According to Howard in an interview with Game Informer, “When you put all this time into something and someone can’t play it, you feel terrible. They have every right to be pissed off. We already have more updates out for this than Fallout 3 and Oblivion in their lifetime. So we’re really committed to fixing everything.”
Part of the frequency of patching and updates is the unprecedented number of people who have purchased the game, meaning that bugs result in louder calls for fixes from the fans.
“The percentage of people that have a problem on any particular system ends up a low percentage, but the raw number (of upset people) ends up being larger than we would have expected,” admitted Howard.
Howard added, “We learned a lot about this. In particular with the PS3 version was, ‘Why aren’t we seeing this?’ We saw some of (the bugs) that we were able to solve very quickly, but we eventually had to go to the consumer and ask for their saved game files. You’re looking at saved games where, not everybody, but certain people played for 100s of hours, and lots of different reasons it was happening. Fortunately we were able to fix it with the latest update.”

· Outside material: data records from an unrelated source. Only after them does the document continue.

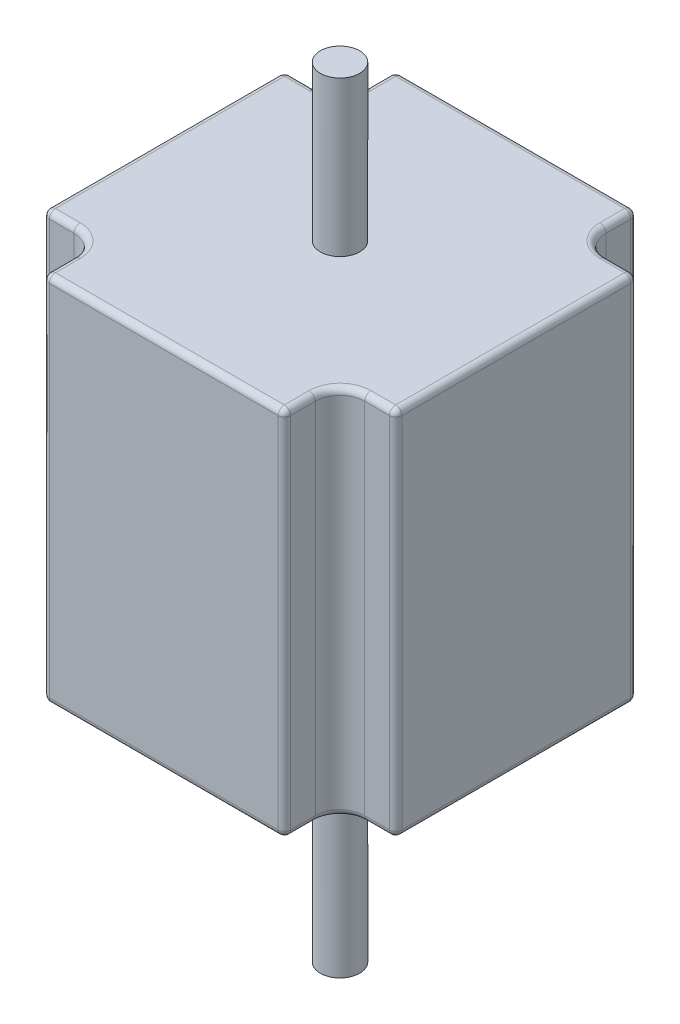
SolidWorks part; units mm, degrees
note: '?' marks a value the reader was unsure of.
material "Cast Alloy Steel"
ref_plane "Front" through (0, 0, 0) normal (0, 0, 1) x (1, 0, 0)
ref_plane "Top" through (0, 0, 0) normal (0, 1, 0) x (1, 0, 0)
ref_plane "Right" through (0, 0, 0) normal (1, 0, 0) x (0, 0, -1)
ref_axis "Axis1" through (-84.4107, 0, 0) along (1, 0, 0)?
ref_axis "Axis2" through (0, 64.3378, 0) along (0, -1, 0)?
ref_axis "Axis3" through (0, 0, -102.329) along (0, 0, 1)?
sketch "Sketch1" plane through (0, 0, 0) normal (0, 1, 0) x (1, 0, 0)
  line L1 (-28.5, -28.5) -> (28.5, -28.5)
  line L2 (-28.5, -28.5) -> (-28.5, 28.5)
  line L3 (-28.5, 28.5) -> (28.5, 28.5)
  line L4 (28.5, -28.5) -> (28.5, 28.5)
  line L5 (-28.5, -28.5) -> (28.5, 28.5) construction
  line L6 (-28.5, 28.5) -> (28.5, -28.5) construction
  point P0 (0, 0)
  dimension "D1" = 57
  dimension "D2" = 57
extrude "Extrude1" add sketch "Sketch1" along normal blind 60
hole_wizard "Ø5.0 (5) Diameter Hole1" positions "Sketch5" profile "Sketch4" hole size "Ø5.0" standard "ISO" end condition through all
sketch "Sketch5" plane through (0, 0, 0) normal (0, -1, 0) x (1, 0, 0)
  line L0 (-28.5, 28.5) -> (28.5, -28.5) construction
  line L3 (28.5, 28.5) -> (-28.5, -28.5) construction
  point P0 (-23.5, 23.5)
  point P1 (23.5, 23.5)
  point P3 (23.5, -23.5)
  point P5 (-23.5, -23.5)
  dimension "D1" = 47
  dimension "D2" = 47
sketch "Sketch4" plane through (-23.5, 0, 23.5) normal (1, 0, 0) x (0, 0, -1)
  line L0 (0, 0) -> (0, 60)
  line L1 (0, 60) -> (2.5, 60)
  line L2 (2.5, 60) -> (2.5, 0)
  line L5 (2.5, 0) -> (0, 0)
  line L11 (0, -6.35) -> (0, 107.95) construction
  dimension "Thru Hole Dia." = 5
  dimension "Thru Hole Depth" = 60
sketch "Sketch6" plane through (0, 60, 0) normal (0, 1, 0) x (1, 0, 0)
  line L0 (-19.5, 23.5) -> (-19.5, 32.5117)
  line L1 (-19.5, 32.5117) -> (-33.9089, 32.5117)
  line L2 (-33.9089, 32.5117) -> (-33.9089, 19.5)
  line L3 (-33.9089, 19.5) -> (-23.5, 19.5)
  line L4 (19.5, 23.5) -> (19.5, 36.4716)
  line L5 (19.5, 36.4716) -> (41.1684, 36.4716)
  line L6 (41.1684, 36.4716) -> (41.1684, 19.5)
  line L7 (41.1684, 19.5) -> (23.5, 19.5)
  line L8 (23.5, -19.5) -> (44.2522, -19.5)
  line L9 (44.2522, -19.5) -> (44.2522, -40.0504)
  line L10 (44.2522, -40.0504) -> (19.5, -40.0504)
  line L11 (19.5, -40.0504) -> (19.5, -23.5)
  line L12 (-23.5, -19.5) -> (-37.6708, -19.5)
  line L13 (-37.6708, -19.5) -> (-37.6708, -37.8282)
  line L14 (-37.6708, -37.8282) -> (-19.5, -37.8282)
  line L15 (-19.5, -37.8282) -> (-19.5, -23.5)
  circle A0 centre (-23.5, 23.5) radius 4
  circle A1 centre (23.5, 23.5) radius 4
  circle A2 centre (23.5, -23.5) radius 4
  circle A3 centre (-23.5, -23.5) radius 4
  circle M1 centre (-23.5, -23.5) radius 2.5
  circle M2 centre (23.5, -23.5) radius 2.5
  circle M3 centre (23.5, 23.5) radius 2.5
  circle M4 centre (-23.5, 23.5) radius 2.5
  line M5 (28.5, -28.5) -> (28.5, 28.5)
  line M6 (28.5, 28.5) -> (-28.5, 28.5)
  line M7 (-28.5, 28.5) -> (-28.5, -28.5)
  line M8 (-28.5, -28.5) -> (28.5, -28.5)
  dimension "D1" = 8
  dimension "D2" = 8
  dimension "D3" = 8
  dimension "D4" = 8
extrude "Extrude4" cut sketch "Sketch6" against normal blind 71 contours L2 L3 L0 L1 M7 M6 | A0 L0 L3 M6 M7 | A0 M4 | L7 L6 L5 L4 M6 M5 | A1 L7 L4 M5 M6 | A1 M3 | A2 M2 | A2 L11 L8 M8 M5 | L11 L10 L9 L8 M5 M8 | L14 L15 L12 L13 M8 M7 | A3 L12 L15 M7 M8 | A3 M1
fillet "Fillet1" radius 1 16 edges at (26, 0, -19.5) (19.5, 0, -26) (19.5, 0, 26) (26, 0, 19.5) (-26, 0, 19.5) (-19.5, 0, 26) (20.6716, 0, -20.6716) (0, 0, -28.5) (28.5, 0, 0) (20.6716, 0, 20.6716) (0, 0, 28.5) (-20.6716, 0, 20.6716) (-28.5, 0, 0) (-19.5, 0, -26) (-26, 0, -19.5) (-20.6716, 0, -20.6716)
sketch "Sketch7" plane through (0, 60, 0) normal (0, 1, 0) x (1, 0, 0)
  circle A0 centre (0, 0) radius 3.175
  dimension "D1" = 6.35
extrude "Extrude5" add sketch "Sketch7" along normal blind 25 and the other way blind 101 separate body
sketch "Sketch8" plane through (0, 0, 0) normal (0, -1, 0) x (1, 0, 0)
  circle A0 centre (0, 0) radius 15
  dimension "D1" = 30
extrude "Extrude6" add sketch "Sketch8" along normal blind 3
fillet "Fillet2" radius 1 32 edges at (-26, 60, 19.5) (-20.6716, 60, 20.6716) (-19.5, 60, 26) (0, 60, 28.5) (19.5, 60, 26) (20.6716, 60, 20.6716) (26, 60, 19.5) (28.5, 60, 0) (19.5, 60, -26) (26, 60, -19.5) (20.6716, 60, -20.6716) (-26, 60, -19.5) (-19.5, 60, -26) (-20.6716, 60, -20.6716) (0, 60, -28.5) (-28.5, 60, 0) (-19.5, 30.5, 28.5) (-28.5, 30.5, 19.5) (-28.5, 30.5, -19.5) (-19.5, 30.5, -28.5) (19.5, 30.5, -28.5) (28.5, 30.5, -19.5) (28.5, 30.5, 19.5) (19.5, 30.5, 28.5) (-19.2071, 0.2929, 28.2071) (-28.2071, 0.2929, 19.2071) (19.2071, 0.2929, -28.2071) (28.2071, 0.2929, -19.2071) (28.2071, 0.2929, 19.2071) (19.2071, 0.2929, 28.2071) (-28.2071, 0.2929, -19.2071) (-19.2071, 0.2929, -28.2071)

Steam has allowed Bethesda to get patches out to the PC version faster and more quietly than ever, as well as test patches before widely releasing them.
“The main thing we did learn, now that we have the beta program on Steam, because we realized that no matter what we do internally, we have 10 million people playing the game and their saves are in all sorts of states, even if we test something to the nth degree, we’re still looking at this microcosm of everybody’s current live game. So that was new for us,” concluded Howard.